§ **Exercise brief**:
For the entries below, report every line that includes the word "projected".

Input material Block Start

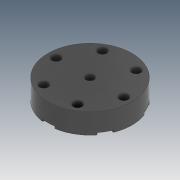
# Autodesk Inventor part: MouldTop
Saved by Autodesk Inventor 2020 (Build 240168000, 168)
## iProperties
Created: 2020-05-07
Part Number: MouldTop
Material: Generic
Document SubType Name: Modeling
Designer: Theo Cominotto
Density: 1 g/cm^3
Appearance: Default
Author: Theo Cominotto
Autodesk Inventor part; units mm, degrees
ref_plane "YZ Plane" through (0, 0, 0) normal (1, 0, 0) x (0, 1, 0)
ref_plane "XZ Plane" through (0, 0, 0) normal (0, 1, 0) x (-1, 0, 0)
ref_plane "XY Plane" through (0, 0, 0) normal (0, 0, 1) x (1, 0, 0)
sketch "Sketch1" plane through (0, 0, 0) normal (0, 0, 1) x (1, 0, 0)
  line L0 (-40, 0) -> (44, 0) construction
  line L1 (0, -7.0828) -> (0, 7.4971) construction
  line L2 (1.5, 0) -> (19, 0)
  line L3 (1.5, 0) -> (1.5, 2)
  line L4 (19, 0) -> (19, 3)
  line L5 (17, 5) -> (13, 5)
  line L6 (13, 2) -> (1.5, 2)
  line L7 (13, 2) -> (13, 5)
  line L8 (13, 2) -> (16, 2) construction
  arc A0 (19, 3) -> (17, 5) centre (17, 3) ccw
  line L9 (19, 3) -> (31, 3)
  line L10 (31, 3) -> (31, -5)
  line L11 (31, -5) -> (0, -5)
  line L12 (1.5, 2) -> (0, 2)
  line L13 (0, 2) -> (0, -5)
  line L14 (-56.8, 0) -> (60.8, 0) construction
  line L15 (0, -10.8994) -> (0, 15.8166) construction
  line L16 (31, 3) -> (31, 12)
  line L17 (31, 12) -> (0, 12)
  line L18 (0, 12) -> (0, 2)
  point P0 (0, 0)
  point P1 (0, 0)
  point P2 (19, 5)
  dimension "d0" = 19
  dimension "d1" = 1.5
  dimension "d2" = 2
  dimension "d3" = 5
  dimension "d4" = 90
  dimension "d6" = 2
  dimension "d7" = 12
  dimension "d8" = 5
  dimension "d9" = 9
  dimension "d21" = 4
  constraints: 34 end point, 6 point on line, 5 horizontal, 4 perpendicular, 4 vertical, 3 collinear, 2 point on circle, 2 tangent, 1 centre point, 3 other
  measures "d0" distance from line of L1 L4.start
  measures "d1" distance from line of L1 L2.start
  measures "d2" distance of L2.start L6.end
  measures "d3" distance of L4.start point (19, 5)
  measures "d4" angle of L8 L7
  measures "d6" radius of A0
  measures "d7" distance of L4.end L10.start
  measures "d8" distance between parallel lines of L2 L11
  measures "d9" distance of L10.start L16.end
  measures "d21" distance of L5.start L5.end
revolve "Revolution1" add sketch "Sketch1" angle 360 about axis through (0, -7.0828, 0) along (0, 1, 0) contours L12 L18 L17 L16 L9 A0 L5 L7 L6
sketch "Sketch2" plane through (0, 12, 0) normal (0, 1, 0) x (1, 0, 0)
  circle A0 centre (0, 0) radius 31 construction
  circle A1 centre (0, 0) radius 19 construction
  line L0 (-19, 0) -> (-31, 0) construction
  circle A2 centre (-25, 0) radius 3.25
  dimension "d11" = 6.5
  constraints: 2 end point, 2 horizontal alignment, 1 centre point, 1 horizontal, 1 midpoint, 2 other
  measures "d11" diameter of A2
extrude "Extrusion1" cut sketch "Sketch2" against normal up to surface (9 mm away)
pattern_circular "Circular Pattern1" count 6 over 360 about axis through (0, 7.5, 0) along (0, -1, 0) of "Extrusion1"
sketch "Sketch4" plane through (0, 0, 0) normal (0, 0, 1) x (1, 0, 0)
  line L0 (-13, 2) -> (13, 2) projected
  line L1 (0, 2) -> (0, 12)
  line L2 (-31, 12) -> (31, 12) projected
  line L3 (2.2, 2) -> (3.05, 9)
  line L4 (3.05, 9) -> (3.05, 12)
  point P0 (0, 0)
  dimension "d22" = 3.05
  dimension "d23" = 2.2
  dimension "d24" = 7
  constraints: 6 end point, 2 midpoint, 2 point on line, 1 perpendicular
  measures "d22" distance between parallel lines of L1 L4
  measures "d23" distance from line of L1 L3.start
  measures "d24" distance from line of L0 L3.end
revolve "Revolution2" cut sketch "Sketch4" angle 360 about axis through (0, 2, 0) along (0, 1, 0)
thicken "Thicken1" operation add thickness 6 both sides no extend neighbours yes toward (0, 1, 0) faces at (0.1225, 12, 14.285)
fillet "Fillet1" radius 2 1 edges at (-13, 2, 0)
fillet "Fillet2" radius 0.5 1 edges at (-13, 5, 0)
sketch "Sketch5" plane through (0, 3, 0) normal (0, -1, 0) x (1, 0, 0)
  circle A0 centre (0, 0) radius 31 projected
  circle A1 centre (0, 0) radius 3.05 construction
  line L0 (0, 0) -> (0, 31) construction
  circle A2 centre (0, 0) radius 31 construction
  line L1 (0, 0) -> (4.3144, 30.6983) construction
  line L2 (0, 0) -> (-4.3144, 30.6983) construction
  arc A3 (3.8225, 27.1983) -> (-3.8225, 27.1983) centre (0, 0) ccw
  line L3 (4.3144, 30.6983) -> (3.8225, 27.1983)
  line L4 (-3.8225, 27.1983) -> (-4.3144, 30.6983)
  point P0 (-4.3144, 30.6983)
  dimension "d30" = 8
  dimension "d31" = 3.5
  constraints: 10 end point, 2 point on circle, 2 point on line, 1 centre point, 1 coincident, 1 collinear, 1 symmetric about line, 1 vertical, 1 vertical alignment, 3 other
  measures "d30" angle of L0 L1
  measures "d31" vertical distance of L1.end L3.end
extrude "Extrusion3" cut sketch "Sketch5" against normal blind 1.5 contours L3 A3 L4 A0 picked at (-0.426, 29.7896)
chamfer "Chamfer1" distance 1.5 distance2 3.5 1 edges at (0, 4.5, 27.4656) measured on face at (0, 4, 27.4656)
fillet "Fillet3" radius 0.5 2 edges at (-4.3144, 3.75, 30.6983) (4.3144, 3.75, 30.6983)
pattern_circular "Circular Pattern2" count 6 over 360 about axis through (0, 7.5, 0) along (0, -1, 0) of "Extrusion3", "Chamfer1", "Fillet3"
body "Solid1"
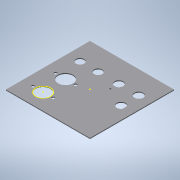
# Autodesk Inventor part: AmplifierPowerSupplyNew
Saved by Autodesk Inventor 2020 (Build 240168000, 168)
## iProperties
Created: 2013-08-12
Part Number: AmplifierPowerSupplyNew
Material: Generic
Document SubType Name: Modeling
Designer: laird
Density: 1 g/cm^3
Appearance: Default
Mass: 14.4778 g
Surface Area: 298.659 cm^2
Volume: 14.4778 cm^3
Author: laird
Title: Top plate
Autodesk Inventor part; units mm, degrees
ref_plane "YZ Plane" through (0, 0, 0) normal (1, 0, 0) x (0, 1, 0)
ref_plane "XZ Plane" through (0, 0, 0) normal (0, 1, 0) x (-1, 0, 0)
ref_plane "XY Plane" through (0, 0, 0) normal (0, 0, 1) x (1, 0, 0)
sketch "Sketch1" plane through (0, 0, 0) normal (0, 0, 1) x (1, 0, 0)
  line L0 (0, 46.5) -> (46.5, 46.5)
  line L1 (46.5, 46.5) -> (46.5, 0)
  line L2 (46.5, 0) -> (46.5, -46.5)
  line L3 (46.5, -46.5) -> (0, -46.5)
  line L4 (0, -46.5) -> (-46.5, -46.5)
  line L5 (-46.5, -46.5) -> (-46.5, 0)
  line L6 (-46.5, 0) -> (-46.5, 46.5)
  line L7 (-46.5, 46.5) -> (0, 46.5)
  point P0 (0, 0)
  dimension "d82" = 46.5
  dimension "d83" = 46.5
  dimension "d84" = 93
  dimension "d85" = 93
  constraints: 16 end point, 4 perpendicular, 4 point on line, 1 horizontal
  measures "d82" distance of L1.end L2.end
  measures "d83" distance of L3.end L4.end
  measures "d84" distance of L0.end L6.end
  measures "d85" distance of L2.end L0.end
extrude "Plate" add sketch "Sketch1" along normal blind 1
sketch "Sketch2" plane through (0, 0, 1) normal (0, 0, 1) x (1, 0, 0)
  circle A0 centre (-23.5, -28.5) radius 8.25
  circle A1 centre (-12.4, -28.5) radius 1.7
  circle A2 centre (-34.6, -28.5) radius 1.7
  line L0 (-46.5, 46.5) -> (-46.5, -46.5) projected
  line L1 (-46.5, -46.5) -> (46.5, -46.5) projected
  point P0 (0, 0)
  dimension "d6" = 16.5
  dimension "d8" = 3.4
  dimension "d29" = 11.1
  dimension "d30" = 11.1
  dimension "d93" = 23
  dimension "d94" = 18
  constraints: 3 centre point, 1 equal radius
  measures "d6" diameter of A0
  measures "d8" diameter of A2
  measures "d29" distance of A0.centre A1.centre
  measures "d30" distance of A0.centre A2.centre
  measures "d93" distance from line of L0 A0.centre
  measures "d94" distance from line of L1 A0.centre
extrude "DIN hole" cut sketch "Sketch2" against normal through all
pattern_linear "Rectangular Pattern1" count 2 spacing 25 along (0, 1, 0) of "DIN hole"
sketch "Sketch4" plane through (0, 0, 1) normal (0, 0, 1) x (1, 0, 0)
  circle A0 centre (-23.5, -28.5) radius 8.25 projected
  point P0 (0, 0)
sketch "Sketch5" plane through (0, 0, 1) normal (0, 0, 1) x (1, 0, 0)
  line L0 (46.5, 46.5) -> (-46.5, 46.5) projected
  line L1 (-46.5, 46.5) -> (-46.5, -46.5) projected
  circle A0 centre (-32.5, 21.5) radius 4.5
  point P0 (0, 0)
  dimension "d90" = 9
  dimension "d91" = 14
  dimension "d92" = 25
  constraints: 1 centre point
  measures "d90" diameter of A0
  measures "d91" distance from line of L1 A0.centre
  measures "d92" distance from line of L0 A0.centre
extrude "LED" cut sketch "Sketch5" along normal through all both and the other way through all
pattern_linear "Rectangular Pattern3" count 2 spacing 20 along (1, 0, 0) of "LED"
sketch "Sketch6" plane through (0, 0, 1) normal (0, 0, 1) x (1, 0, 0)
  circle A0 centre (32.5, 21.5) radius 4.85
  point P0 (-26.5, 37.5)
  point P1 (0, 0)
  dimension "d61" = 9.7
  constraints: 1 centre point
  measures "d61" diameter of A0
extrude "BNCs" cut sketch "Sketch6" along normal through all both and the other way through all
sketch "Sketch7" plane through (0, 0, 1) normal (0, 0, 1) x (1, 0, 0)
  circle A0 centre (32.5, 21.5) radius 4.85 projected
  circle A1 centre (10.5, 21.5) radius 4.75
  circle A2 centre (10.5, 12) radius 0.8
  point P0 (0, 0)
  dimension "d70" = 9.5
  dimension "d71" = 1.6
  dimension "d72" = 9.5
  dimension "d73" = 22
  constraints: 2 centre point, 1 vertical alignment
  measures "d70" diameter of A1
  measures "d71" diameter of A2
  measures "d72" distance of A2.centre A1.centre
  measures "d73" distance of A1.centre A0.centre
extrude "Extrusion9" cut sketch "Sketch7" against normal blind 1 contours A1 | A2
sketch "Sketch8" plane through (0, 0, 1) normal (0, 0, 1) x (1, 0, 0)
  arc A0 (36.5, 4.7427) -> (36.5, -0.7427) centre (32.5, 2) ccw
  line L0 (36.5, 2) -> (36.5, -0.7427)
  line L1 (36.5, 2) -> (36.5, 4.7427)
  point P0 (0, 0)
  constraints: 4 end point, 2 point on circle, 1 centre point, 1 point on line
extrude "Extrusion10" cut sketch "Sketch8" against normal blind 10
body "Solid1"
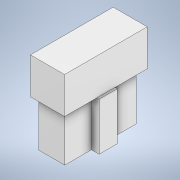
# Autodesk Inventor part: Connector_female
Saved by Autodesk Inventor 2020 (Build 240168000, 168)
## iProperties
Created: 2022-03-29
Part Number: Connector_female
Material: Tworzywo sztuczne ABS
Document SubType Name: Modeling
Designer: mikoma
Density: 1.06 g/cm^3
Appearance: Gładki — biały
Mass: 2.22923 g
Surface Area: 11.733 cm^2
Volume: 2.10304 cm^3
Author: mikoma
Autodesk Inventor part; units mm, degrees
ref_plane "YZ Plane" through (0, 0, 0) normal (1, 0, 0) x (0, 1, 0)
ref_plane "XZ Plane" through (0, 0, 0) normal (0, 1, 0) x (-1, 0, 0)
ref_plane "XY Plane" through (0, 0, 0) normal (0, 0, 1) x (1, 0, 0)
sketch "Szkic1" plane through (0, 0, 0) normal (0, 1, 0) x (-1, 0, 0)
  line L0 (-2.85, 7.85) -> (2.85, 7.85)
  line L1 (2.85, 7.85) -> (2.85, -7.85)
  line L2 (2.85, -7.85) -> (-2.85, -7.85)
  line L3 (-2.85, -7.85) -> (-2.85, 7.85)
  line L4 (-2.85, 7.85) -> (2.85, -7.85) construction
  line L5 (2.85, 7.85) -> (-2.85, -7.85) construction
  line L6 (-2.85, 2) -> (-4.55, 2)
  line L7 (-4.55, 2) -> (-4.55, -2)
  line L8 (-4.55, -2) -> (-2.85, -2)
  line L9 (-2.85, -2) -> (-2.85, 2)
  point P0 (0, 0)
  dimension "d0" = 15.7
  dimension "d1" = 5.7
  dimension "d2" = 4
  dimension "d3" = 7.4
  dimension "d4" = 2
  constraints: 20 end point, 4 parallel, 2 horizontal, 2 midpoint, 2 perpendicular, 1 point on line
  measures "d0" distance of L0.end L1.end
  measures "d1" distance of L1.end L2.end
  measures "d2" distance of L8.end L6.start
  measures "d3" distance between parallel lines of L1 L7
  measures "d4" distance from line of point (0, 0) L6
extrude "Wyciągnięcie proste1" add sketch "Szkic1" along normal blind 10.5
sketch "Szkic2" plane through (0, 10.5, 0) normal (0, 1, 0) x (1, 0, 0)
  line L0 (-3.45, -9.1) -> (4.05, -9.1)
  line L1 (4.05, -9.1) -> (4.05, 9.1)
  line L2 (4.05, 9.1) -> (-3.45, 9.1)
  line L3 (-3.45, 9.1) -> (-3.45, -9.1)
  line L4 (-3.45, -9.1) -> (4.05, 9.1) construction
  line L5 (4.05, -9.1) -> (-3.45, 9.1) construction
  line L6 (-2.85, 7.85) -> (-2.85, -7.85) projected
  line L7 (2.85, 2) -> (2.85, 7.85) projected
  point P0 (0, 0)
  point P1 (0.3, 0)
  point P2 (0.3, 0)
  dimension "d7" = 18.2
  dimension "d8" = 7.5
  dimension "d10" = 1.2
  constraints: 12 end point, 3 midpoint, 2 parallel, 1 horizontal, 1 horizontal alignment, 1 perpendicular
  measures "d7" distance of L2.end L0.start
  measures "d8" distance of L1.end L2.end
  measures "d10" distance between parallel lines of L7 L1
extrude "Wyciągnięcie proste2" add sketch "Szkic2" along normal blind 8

Input material Block End

§ **Task answer**:
  line L0 (-13, 2) -> (13, 2) projected
  line L2 (-31, 12) -> (31, 12) projected
  circle A0 centre (0, 0) radius 31 projected
  line L0 (-46.5, 46.5) -> (-46.5, -46.5) projected
  line L1 (-46.5, -46.5) -> (46.5, -46.5) projected
  circle A0 centre (-23.5, -28.5) radius 8.25 projected
  line L0 (46.5, 46.5) -> (-46.5, 46.5) projected
  line L1 (-46.5, 46.5) -> (-46.5, -46.5) projected
  circle A0 centre (32.5, 21.5) radius 4.85 projected
  line L6 (-2.85, 7.85) -> (-2.85, -7.85) projected
  line L7 (2.85, 2) -> (2.85, 7.85) projected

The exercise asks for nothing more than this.